>>107113749
RAM is only useful if you have really fast connections to the CPU. Most boards don't. Recent Mac's sport integrated RAM which is maybe twice as fast as normal RAM, but still no where near GPU RAM. This enables them to run really big models, but not fast.
The only other boards where this is a plausible option for running large models via CPU are Epyk (?) server motherboards, which also sport fancy server CPUs. But that's very expensive, and I it makes no sense to buy DDR4 for this purpose.
>>107114040
Loading large models into RAM is indeed a CPU AI strategy. It used to be that people would run a stack of 3090s to run large local AI (70B).

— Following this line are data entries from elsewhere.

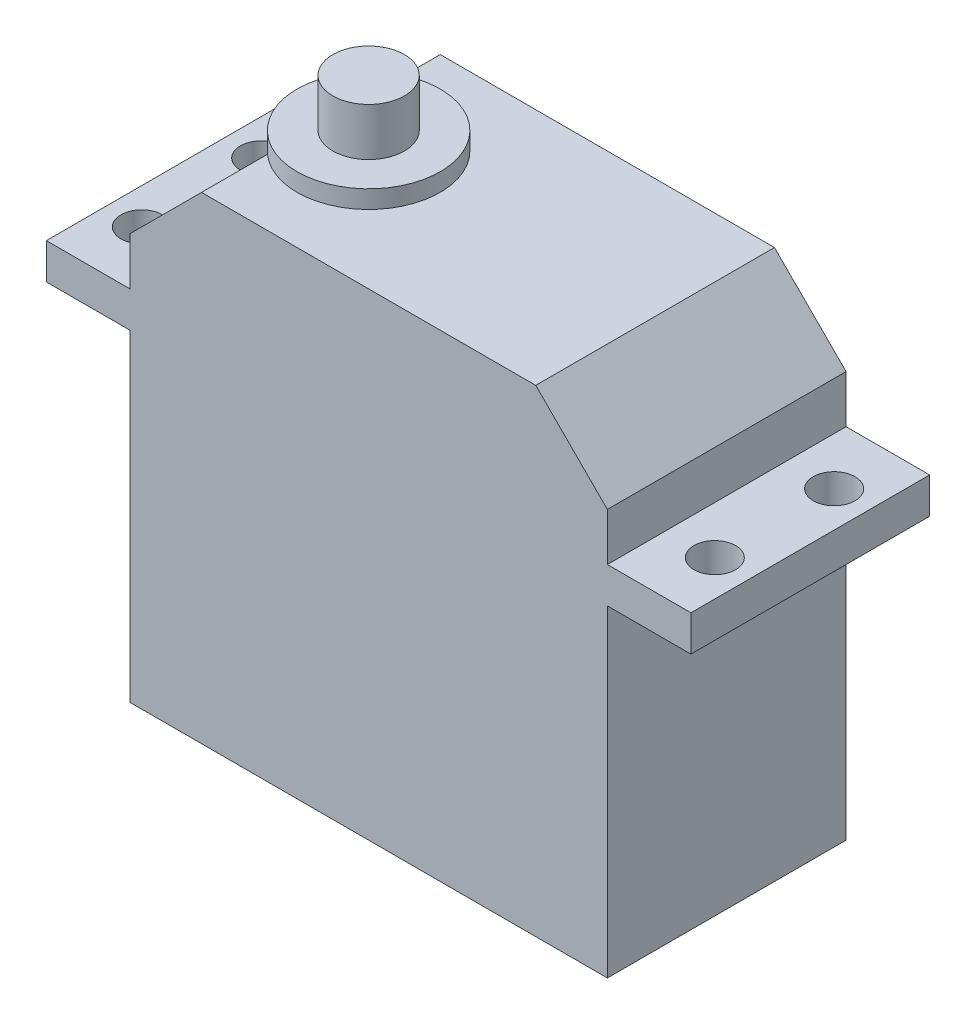
ISO-10303-21;
HEADER;
FILE_DESCRIPTION(('STEP AP214'),'2;1');
FILE_NAME('part.step','',(''),(''),'','','');
FILE_SCHEMA(('AUTOMOTIVE_DESIGN { 1 0 10303 214 1 1 1 1 }'));
ENDSEC;
DATA;
#1=APPLICATION_CONTEXT('core data for automotive mechanical design processes');
#2=APPLICATION_PROTOCOL_DEFINITION('international standard','automotive_design',2000,#1);
#3=PRODUCT_CONTEXT('',#1,'mechanical');
#4=PRODUCT('Part','Part','',(#3));
#5=PRODUCT_RELATED_PRODUCT_CATEGORY('part','',(#4));
#6=PRODUCT_DEFINITION_FORMATION('','',#4);
#7=PRODUCT_DEFINITION_CONTEXT('part definition',#1,'design');
#8=PRODUCT_DEFINITION('design','',#6,#7);
#9=PRODUCT_DEFINITION_SHAPE('','',#8);
#10=(LENGTH_UNIT() NAMED_UNIT(*) SI_UNIT(.MILLI.,.METRE.));
#11=(NAMED_UNIT(*) PLANE_ANGLE_UNIT() SI_UNIT($,.RADIAN.));
#12=(NAMED_UNIT(*) SI_UNIT($,.STERADIAN.) SOLID_ANGLE_UNIT());
#13=UNCERTAINTY_MEASURE_WITH_UNIT(LENGTH_MEASURE(1.E-05),#10,'distance_accuracy_value','');
#14=(GEOMETRIC_REPRESENTATION_CONTEXT(3) GLOBAL_UNCERTAINTY_ASSIGNED_CONTEXT((#13)) GLOBAL_UNIT_ASSIGNED_CONTEXT((#10,
#11,#12)) REPRESENTATION_CONTEXT('',''));
#15=CARTESIAN_POINT('',(0.,0.,0.));
#16=DIRECTION('',(0.,0.,1.));
#17=DIRECTION('',(1.,0.,0.));
#18=AXIS2_PLACEMENT_3D('',#15,#16,#17);
#19=CARTESIAN_POINT('',(0.,0.,10.));
#20=DIRECTION('',(1.,0.,0.));
#21=DIRECTION('',(0.,0.,-1.));
#22=AXIS2_PLACEMENT_3D('',#19,#20,#21);
#23=PLANE('',#22);
#24=DIRECTION('',(0.,0.,1.));
#25=VECTOR('',#24,1.);
#26=CARTESIAN_POINT('',(0.,27.,10.));
#27=LINE('',#26,#25);
#28=CARTESIAN_POINT('',(0.,27.,-10.));
#29=VERTEX_POINT('',#28);
#30=CARTESIAN_POINT('',(0.,27.,10.));
#31=VERTEX_POINT('',#30);
#32=EDGE_CURVE('E243',#29,#31,#27,.T.);
#33=ORIENTED_EDGE('',*,*,#32,.F.);
#34=DIRECTION('',(0.,-1.,0.));
#35=VECTOR('',#34,1.);
#36=CARTESIAN_POINT('',(0.,0.,-10.));
#37=LINE('',#36,#35);
#38=CARTESIAN_POINT('',(0.,0.,-10.));
#39=VERTEX_POINT('',#38);
#40=EDGE_CURVE('E246',#29,#39,#37,.T.);
#41=ORIENTED_EDGE('',*,*,#40,.T.);
#42=DIRECTION('',(0.,0.,-1.));
#43=VECTOR('',#42,1.);
#44=CARTESIAN_POINT('',(0.,0.,10.));
#45=LINE('',#44,#43);
#46=CARTESIAN_POINT('',(0.,0.,10.));
#47=VERTEX_POINT('',#46);
#48=EDGE_CURVE('E159',#47,#39,#45,.T.);
#49=ORIENTED_EDGE('',*,*,#48,.F.);
#50=DIRECTION('',(0.,-1.,0.));
#51=VECTOR('',#50,1.);
#52=CARTESIAN_POINT('',(0.,0.,10.));
#53=LINE('',#52,#51);
#54=EDGE_CURVE('E250',#31,#47,#53,.T.);
#55=ORIENTED_EDGE('',*,*,#54,.F.);
#56=EDGE_LOOP('',(#33,#41,#49,#55));
#57=FACE_BOUND('',#56,.T.);
#58=ADVANCED_FACE('F45',(#57),#23,.F.);
#59=CARTESIAN_POINT('',(0.,34.,10.));
#60=VERTEX_POINT('',#59);
#61=CARTESIAN_POINT('',(0.,30.,10.));
#62=VERTEX_POINT('',#61);
#63=EDGE_CURVE('E247',#60,#62,#53,.T.);
#64=ORIENTED_EDGE('',*,*,#63,.F.);
#65=DIRECTION('',(0.,0.,-1.));
#66=VECTOR('',#65,1.);
#67=CARTESIAN_POINT('',(0.,34.,10.));
#68=LINE('',#67,#66);
#69=CARTESIAN_POINT('',(0.,34.,-10.));
#70=VERTEX_POINT('',#69);
#71=EDGE_CURVE('E170',#60,#70,#68,.T.);
#72=ORIENTED_EDGE('',*,*,#71,.T.);
#73=CARTESIAN_POINT('',(0.,30.,-10.));
#74=VERTEX_POINT('',#73);
#75=EDGE_CURVE('E259',#70,#74,#37,.T.);
#76=ORIENTED_EDGE('',*,*,#75,.T.);
#77=DIRECTION('',(0.,0.,-1.));
#78=VECTOR('',#77,1.);
#79=CARTESIAN_POINT('',(0.,30.,10.));
#80=LINE('',#79,#78);
#81=EDGE_CURVE('E237',#62,#74,#80,.T.);
#82=ORIENTED_EDGE('',*,*,#81,.F.);
#83=EDGE_LOOP('',(#64,#72,#76,#82));
#84=FACE_BOUND('',#83,.T.);
#85=ADVANCED_FACE('F336',(#84),#23,.F.);
#86=CARTESIAN_POINT('',(40.,0.,10.));
#87=DIRECTION('',(-1.,0.,0.));
#88=DIRECTION('',(0.,0.,1.));
#89=AXIS2_PLACEMENT_3D('',#86,#87,#88);
#90=PLANE('',#89);
#91=DIRECTION('',(0.,0.,-1.));
#92=VECTOR('',#91,1.);
#93=CARTESIAN_POINT('',(40.,27.,10.));
#94=LINE('',#93,#92);
#95=CARTESIAN_POINT('',(40.,27.,10.));
#96=VERTEX_POINT('',#95);
#97=CARTESIAN_POINT('',(40.,27.,-10.));
#98=VERTEX_POINT('',#97);
#99=EDGE_CURVE('E240',#96,#98,#94,.T.);
#100=ORIENTED_EDGE('',*,*,#99,.F.);
#101=DIRECTION('',(0.,1.,0.));
#102=VECTOR('',#101,1.);
#103=CARTESIAN_POINT('',(40.,0.,10.));
#104=LINE('',#103,#102);
#105=CARTESIAN_POINT('',(40.,0.,10.));
#106=VERTEX_POINT('',#105);
#107=EDGE_CURVE('E253',#106,#96,#104,.T.);
#108=ORIENTED_EDGE('',*,*,#107,.F.);
#109=DIRECTION('',(0.,0.,-1.));
#110=VECTOR('',#109,1.);
#111=CARTESIAN_POINT('',(40.,0.,10.));
#112=LINE('',#111,#110);
#113=CARTESIAN_POINT('',(40.,0.,-10.));
#114=VERTEX_POINT('',#113);
#115=EDGE_CURVE('E258',#106,#114,#112,.T.);
#116=ORIENTED_EDGE('',*,*,#115,.T.);
#117=DIRECTION('',(0.,1.,0.));
#118=VECTOR('',#117,1.);
#119=CARTESIAN_POINT('',(40.,0.,-10.));
#120=LINE('',#119,#118);
#121=EDGE_CURVE('E264',#114,#98,#120,.T.);
#122=ORIENTED_EDGE('',*,*,#121,.T.);
#123=EDGE_LOOP('',(#100,#108,#116,#122));
#124=FACE_BOUND('',#123,.T.);
#125=ADVANCED_FACE('F312',(#124),#90,.F.);
#126=CARTESIAN_POINT('',(40.,30.,-10.));
#127=VERTEX_POINT('',#126);
#128=CARTESIAN_POINT('',(40.,34.,-10.));
#129=VERTEX_POINT('',#128);
#130=EDGE_CURVE('E263',#127,#129,#120,.T.);
#131=ORIENTED_EDGE('',*,*,#130,.T.);
#132=DIRECTION('',(0.,0.,1.));
#133=VECTOR('',#132,1.);
#134=CARTESIAN_POINT('',(40.,34.,10.));
#135=LINE('',#134,#133);
#136=CARTESIAN_POINT('',(40.,34.,10.));
#137=VERTEX_POINT('',#136);
#138=EDGE_CURVE('E279',#129,#137,#135,.T.);
#139=ORIENTED_EDGE('',*,*,#138,.T.);
#140=CARTESIAN_POINT('',(40.,30.,10.));
#141=VERTEX_POINT('',#140);
#142=EDGE_CURVE('E252',#141,#137,#104,.T.);
#143=ORIENTED_EDGE('',*,*,#142,.F.);
#144=DIRECTION('',(0.,0.,1.));
#145=VECTOR('',#144,1.);
#146=CARTESIAN_POINT('',(40.,30.,10.));
#147=LINE('',#146,#145);
#148=EDGE_CURVE('E234',#127,#141,#147,.T.);
#149=ORIENTED_EDGE('',*,*,#148,.F.);
#150=EDGE_LOOP('',(#131,#139,#143,#149));
#151=FACE_BOUND('',#150,.T.);
#152=ADVANCED_FACE('F295',(#151),#90,.F.);
#153=CARTESIAN_POINT('',(0.,0.,10.));
#154=DIRECTION('',(0.,1.,0.));
#155=DIRECTION('',(0.,0.,1.));
#156=AXIS2_PLACEMENT_3D('',#153,#154,#155);
#157=PLANE('',#156);
#158=DIRECTION('',(1.,0.,0.));
#159=VECTOR('',#158,1.);
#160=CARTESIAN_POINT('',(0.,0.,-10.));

But recently, there have been no 70B monolithic models released. Instead, MoE has enabled these models to run as smaller models (3/7/14B), and the big monolithic models are 100s of billions of parameters. Nobody can use the big models at home without running a dozen hefty cards which require so much electricity their house has to be rewired.
That leaves people running small and MoE, which turn out to be pretty good. Most people buy a couple cards, like 2 5090s for 64GB VRAM, and run a local MoE with a lot of context. But that setup can't run the big models.
That's where the CPU option comes in. The idea is to get enough RAM to load the entire model and run it on a CPU, slowly being better than nothing.
But only a retard would buy DDR4 for this purpose. The whole point is that you need the fasted RAM you can get, or your token rate will be 1 token an hour.
If you want to run large models in RAM and you don't mind it being a bit slow, Mac is probably the way to go, unless you have money for Epyk.
Or feel free to spend 100K on a huge stack of RX6000s.